__Dataset extract__:
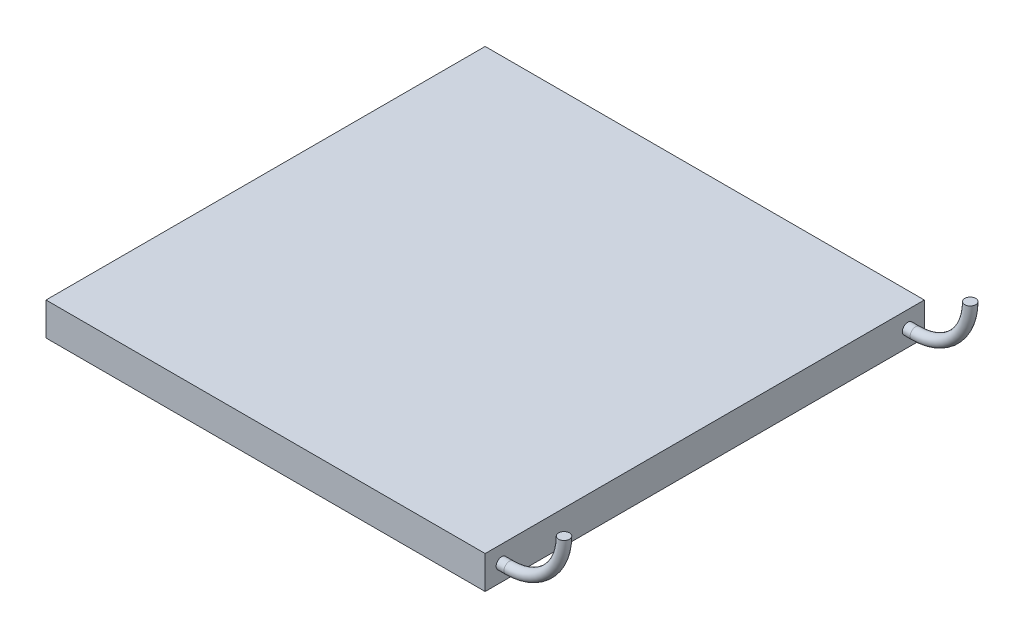
from build123d import *

# Parameters (mm, degrees)
SKETCH1_W           = 40
SKETCH1_H           = 40
BOSS_EXTRUDE1_DEPTH = 3
SKETCH2_R           = 0.5


with BuildPart() as part:
    # Sketch1 → Boss-Extrude1 (new body)
    with BuildSketch(Plane(origin=(0, 0, 0), x_dir=(1, 0, 0), z_dir=(0, 1, 0))):
        Rectangle(SKETCH1_W, SKETCH1_H)
    extrude(amount=BOSS_EXTRUDE1_DEPTH)

    # Sweep1: sweep along a path in Sketch3
    with BuildLine(Plane.XY.offset(18.5)) as sweep1_path:
        Line((20, 1.5), (20.711014952, 1.5))
        ThreePointArc((20.711014952, 1.5), (24.225698973, 2.955829789), (25.681528762, 6.47051381))
    # Sketch2 → Sweep1 (sweep)
    with BuildSketch(Plane(origin=(20, 0, 0), x_dir=(0, 0, -1), z_dir=(1, 0, 0))):
        with Locations((-18.5, 1.5)):
            Circle(SKETCH2_R)
    sweep1 = sweep(path=sweep1_path.line)

    # Mirror1: Sweep1 across plane
    add(sweep1.mirror(Plane.XY))


solid = part.part

__About this exercise__: All of the entries need to be copied exactly, minus any pictures.

__Answer__:
from build123d import *

# Parameters (mm, degrees)
SKETCH1_W           = 40
SKETCH1_H           = 40
BOSS_EXTRUDE1_DEPTH = 3
SKETCH2_R           = 0.5


with BuildPart() as part:
    # Sketch1 → Boss-Extrude1 (new body)
    with BuildSketch(Plane(origin=(0, 0, 0), x_dir=(1, 0, 0), z_dir=(0, 1, 0))):
        Rectangle(SKETCH1_W, SKETCH1_H)
    extrude(amount=BOSS_EXTRUDE1_DEPTH)

    # Sweep1: sweep along a path in Sketch3
    with BuildLine(Plane.XY.offset(18.5)) as sweep1_path:
        Line((20, 1.5), (20.711014952, 1.5))
        ThreePointArc((20.711014952, 1.5), (24.225698973, 2.955829789), (25.681528762, 6.47051381))
    # Sketch2 → Sweep1 (sweep)
    with BuildSketch(Plane(origin=(20, 0, 0), x_dir=(0, 0, -1), z_dir=(1, 0, 0))):
        with Locations((-18.5, 1.5)):
            Circle(SKETCH2_R)
    sweep1 = sweep(path=sweep1_path.line)

    # Mirror1: Sweep1 across plane
    add(sweep1.mirror(Plane.XY))


solid = part.part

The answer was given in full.